● **TASK STATEMENT**:
A word-for-word copy of the data is what's wanted; pictures stay out of it.

● **RECORDS**:
╭──
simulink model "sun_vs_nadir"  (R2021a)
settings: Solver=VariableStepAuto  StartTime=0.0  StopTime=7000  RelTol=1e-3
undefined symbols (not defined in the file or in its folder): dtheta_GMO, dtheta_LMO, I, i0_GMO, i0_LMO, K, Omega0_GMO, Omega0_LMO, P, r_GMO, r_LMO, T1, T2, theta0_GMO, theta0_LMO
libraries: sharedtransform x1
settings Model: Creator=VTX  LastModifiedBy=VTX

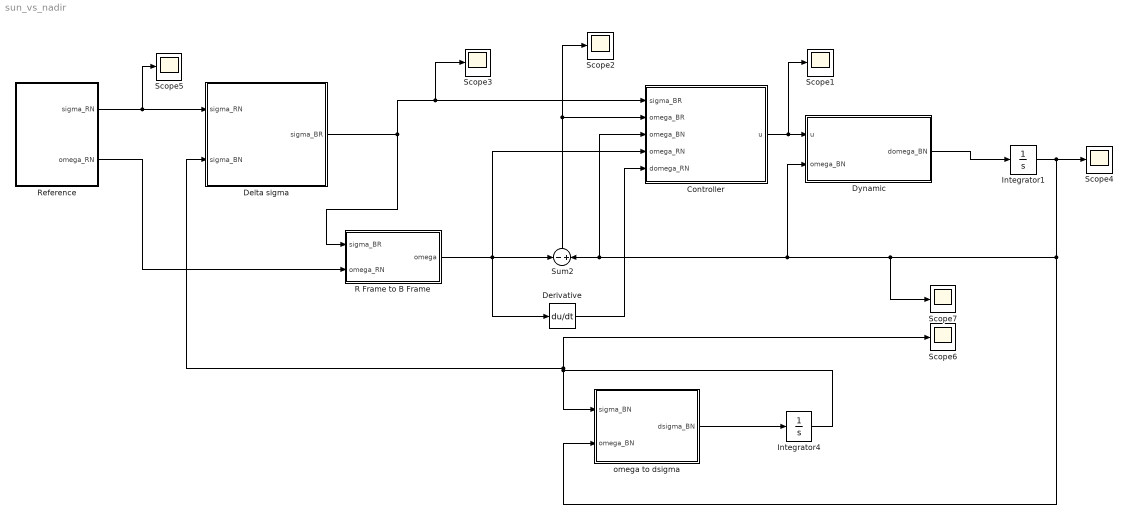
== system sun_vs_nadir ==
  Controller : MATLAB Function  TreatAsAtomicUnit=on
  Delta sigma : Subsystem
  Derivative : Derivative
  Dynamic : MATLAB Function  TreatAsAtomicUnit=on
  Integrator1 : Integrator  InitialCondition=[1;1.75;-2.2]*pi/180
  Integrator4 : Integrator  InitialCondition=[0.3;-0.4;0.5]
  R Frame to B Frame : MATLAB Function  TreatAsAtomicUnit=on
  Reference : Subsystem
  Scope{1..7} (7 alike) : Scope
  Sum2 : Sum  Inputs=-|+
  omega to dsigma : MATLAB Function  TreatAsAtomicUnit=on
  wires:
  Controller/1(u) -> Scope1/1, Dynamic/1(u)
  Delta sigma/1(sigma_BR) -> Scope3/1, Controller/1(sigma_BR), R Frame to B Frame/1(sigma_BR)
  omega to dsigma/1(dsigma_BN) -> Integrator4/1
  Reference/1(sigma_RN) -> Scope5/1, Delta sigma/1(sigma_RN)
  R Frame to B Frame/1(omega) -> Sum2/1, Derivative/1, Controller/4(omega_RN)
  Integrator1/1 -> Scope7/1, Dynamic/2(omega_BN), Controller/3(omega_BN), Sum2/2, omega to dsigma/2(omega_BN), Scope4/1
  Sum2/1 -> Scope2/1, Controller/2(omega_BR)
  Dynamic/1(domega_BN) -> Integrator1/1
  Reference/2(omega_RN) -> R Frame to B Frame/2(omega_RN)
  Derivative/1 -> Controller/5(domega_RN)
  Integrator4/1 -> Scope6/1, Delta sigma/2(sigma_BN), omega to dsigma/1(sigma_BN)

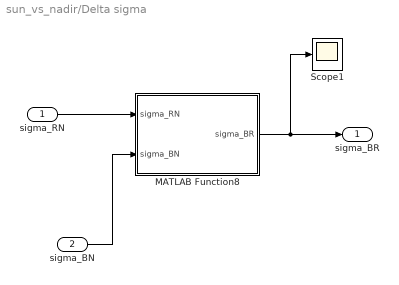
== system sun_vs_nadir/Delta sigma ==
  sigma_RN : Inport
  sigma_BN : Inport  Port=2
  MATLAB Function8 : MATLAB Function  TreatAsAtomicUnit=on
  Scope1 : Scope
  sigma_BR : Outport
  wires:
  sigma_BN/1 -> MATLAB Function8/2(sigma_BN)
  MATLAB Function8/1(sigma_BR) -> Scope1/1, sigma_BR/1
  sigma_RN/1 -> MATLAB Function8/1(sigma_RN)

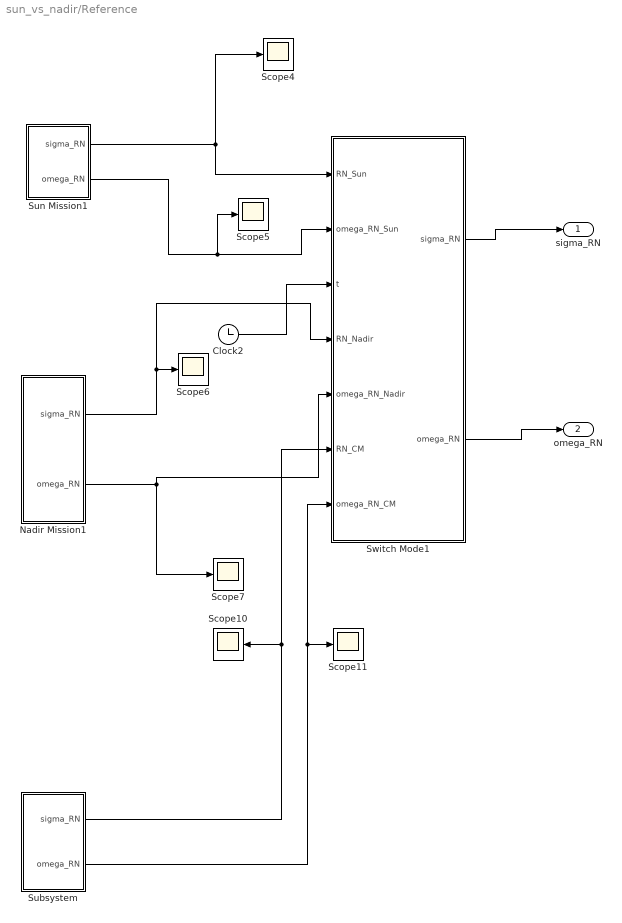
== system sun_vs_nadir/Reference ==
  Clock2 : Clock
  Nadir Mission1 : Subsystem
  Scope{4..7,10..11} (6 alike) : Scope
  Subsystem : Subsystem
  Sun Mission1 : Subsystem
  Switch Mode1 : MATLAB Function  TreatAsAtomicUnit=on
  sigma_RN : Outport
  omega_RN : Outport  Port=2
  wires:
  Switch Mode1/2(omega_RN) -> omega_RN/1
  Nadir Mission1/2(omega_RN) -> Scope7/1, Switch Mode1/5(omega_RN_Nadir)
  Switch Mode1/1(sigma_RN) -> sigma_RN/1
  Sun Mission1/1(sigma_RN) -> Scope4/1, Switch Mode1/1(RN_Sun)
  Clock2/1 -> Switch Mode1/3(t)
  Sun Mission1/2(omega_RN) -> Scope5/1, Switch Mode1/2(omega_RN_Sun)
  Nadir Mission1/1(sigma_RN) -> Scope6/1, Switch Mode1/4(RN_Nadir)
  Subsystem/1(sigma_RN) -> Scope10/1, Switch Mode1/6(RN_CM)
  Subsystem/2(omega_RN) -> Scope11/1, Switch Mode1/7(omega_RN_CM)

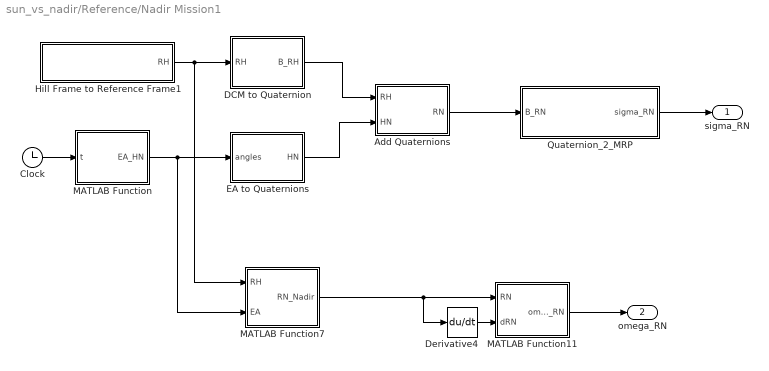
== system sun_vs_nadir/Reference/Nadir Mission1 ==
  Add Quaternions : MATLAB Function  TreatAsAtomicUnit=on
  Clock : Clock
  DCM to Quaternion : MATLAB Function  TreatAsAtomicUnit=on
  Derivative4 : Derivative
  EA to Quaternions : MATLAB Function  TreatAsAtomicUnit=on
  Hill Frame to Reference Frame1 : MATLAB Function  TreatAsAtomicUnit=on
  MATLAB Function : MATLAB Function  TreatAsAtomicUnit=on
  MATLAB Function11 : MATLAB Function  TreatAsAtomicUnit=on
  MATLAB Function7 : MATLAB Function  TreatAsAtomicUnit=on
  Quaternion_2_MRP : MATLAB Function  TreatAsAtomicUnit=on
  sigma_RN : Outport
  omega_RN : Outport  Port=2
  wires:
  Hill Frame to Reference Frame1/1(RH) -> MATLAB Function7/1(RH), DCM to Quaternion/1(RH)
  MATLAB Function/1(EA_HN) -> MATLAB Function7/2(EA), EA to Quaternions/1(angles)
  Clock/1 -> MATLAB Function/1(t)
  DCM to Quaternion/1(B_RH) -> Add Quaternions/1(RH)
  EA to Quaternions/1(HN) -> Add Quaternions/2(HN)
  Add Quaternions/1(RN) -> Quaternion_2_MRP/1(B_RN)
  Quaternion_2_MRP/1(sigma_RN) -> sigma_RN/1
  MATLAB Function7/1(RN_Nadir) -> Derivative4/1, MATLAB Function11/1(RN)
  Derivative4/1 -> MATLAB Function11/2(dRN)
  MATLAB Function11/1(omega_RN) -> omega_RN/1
╰──
● **YOUR RESPONSE**:
simulink model "sun_vs_nadir"  (R2021a)
settings: Solver=VariableStepAuto  StartTime=0.0  StopTime=7000  RelTol=1e-3
undefined symbols (not defined in the file or in its folder): dtheta_GMO, dtheta_LMO, I, i0_GMO, i0_LMO, K, Omega0_GMO, Omega0_LMO, P, r_GMO, r_LMO, T1, T2, theta0_GMO, theta0_LMO
libraries: sharedtransform x1
settings Model: Creator=VTX  LastModifiedBy=VTX

== system sun_vs_nadir ==
  Controller : MATLAB Function  TreatAsAtomicUnit=on
  Delta sigma : Subsystem
  Derivative : Derivative
  Dynamic : MATLAB Function  TreatAsAtomicUnit=on
  Integrator1 : Integrator  InitialCondition=[1;1.75;-2.2]*pi/180
  Integrator4 : Integrator  InitialCondition=[0.3;-0.4;0.5]
  R Frame to B Frame : MATLAB Function  TreatAsAtomicUnit=on
  Reference : Subsystem
  Scope{1..7} (7 alike) : Scope
  Sum2 : Sum  Inputs=-|+
  omega to dsigma : MATLAB Function  TreatAsAtomicUnit=on
  wires:
  Controller/1(u) -> Scope1/1, Dynamic/1(u)
  Delta sigma/1(sigma_BR) -> Scope3/1, Controller/1(sigma_BR), R Frame to B Frame/1(sigma_BR)
  omega to dsigma/1(dsigma_BN) -> Integrator4/1
  Reference/1(sigma_RN) -> Scope5/1, Delta sigma/1(sigma_RN)
  R Frame to B Frame/1(omega) -> Sum2/1, Derivative/1, Controller/4(omega_RN)
  Integrator1/1 -> Scope7/1, Dynamic/2(omega_BN), Controller/3(omega_BN), Sum2/2, omega to dsigma/2(omega_BN), Scope4/1
  Sum2/1 -> Scope2/1, Controller/2(omega_BR)
  Dynamic/1(domega_BN) -> Integrator1/1
  Reference/2(omega_RN) -> R Frame to B Frame/2(omega_RN)
  Derivative/1 -> Controller/5(domega_RN)
  Integrator4/1 -> Scope6/1, Delta sigma/2(sigma_BN), omega to dsigma/1(sigma_BN)

== system sun_vs_nadir/Delta sigma ==
  sigma_RN : Inport
  sigma_BN : Inport  Port=2
  MATLAB Function8 : MATLAB Function  TreatAsAtomicUnit=on
  Scope1 : Scope
  sigma_BR : Outport
  wires:
  sigma_BN/1 -> MATLAB Function8/2(sigma_BN)
  MATLAB Function8/1(sigma_BR) -> Scope1/1, sigma_BR/1
  sigma_RN/1 -> MATLAB Function8/1(sigma_RN)

== system sun_vs_nadir/Reference ==
  Clock2 : Clock
  Nadir Mission1 : Subsystem
  Scope{4..7,10..11} (6 alike) : Scope
  Subsystem : Subsystem
  Sun Mission1 : Subsystem
  Switch Mode1 : MATLAB Function  TreatAsAtomicUnit=on
  sigma_RN : Outport
  omega_RN : Outport  Port=2
  wires:
  Switch Mode1/2(omega_RN) -> omega_RN/1
  Nadir Mission1/2(omega_RN) -> Scope7/1, Switch Mode1/5(omega_RN_Nadir)
  Switch Mode1/1(sigma_RN) -> sigma_RN/1
  Sun Mission1/1(sigma_RN) -> Scope4/1, Switch Mode1/1(RN_Sun)
  Clock2/1 -> Switch Mode1/3(t)
  Sun Mission1/2(omega_RN) -> Scope5/1, Switch Mode1/2(omega_RN_Sun)
  Nadir Mission1/1(sigma_RN) -> Scope6/1, Switch Mode1/4(RN_Nadir)
  Subsystem/1(sigma_RN) -> Scope10/1, Switch Mode1/6(RN_CM)
  Subsystem/2(omega_RN) -> Scope11/1, Switch Mode1/7(omega_RN_CM)

== system sun_vs_nadir/Reference/Nadir Mission1 ==
  Add Quaternions : MATLAB Function  TreatAsAtomicUnit=on
  Clock : Clock
  DCM to Quaternion : MATLAB Function  TreatAsAtomicUnit=on
  Derivative4 : Derivative
  EA to Quaternions : MATLAB Function  TreatAsAtomicUnit=on
  Hill Frame to Reference Frame1 : MATLAB Function  TreatAsAtomicUnit=on
  MATLAB Function : MATLAB Function  TreatAsAtomicUnit=on
  MATLAB Function11 : MATLAB Function  TreatAsAtomicUnit=on
  MATLAB Function7 : MATLAB Function  TreatAsAtomicUnit=on
  Quaternion_2_MRP : MATLAB Function  TreatAsAtomicUnit=on
  sigma_RN : Outport
  omega_RN : Outport  Port=2
  wires:
  Hill Frame to Reference Frame1/1(RH) -> MATLAB Function7/1(RH), DCM to Quaternion/1(RH)
  MATLAB Function/1(EA_HN) -> MATLAB Function7/2(EA), EA to Quaternions/1(angles)
  Clock/1 -> MATLAB Function/1(t)
  DCM to Quaternion/1(B_RH) -> Add Quaternions/1(RH)
  EA to Quaternions/1(HN) -> Add Quaternions/2(HN)
  Add Quaternions/1(RN) -> Quaternion_2_MRP/1(B_RN)
  Quaternion_2_MRP/1(sigma_RN) -> sigma_RN/1
  MATLAB Function7/1(RN_Nadir) -> Derivative4/1, MATLAB Function11/1(RN)
  Derivative4/1 -> MATLAB Function11/2(dRN)
  MATLAB Function11/1(omega_RN) -> omega_RN/1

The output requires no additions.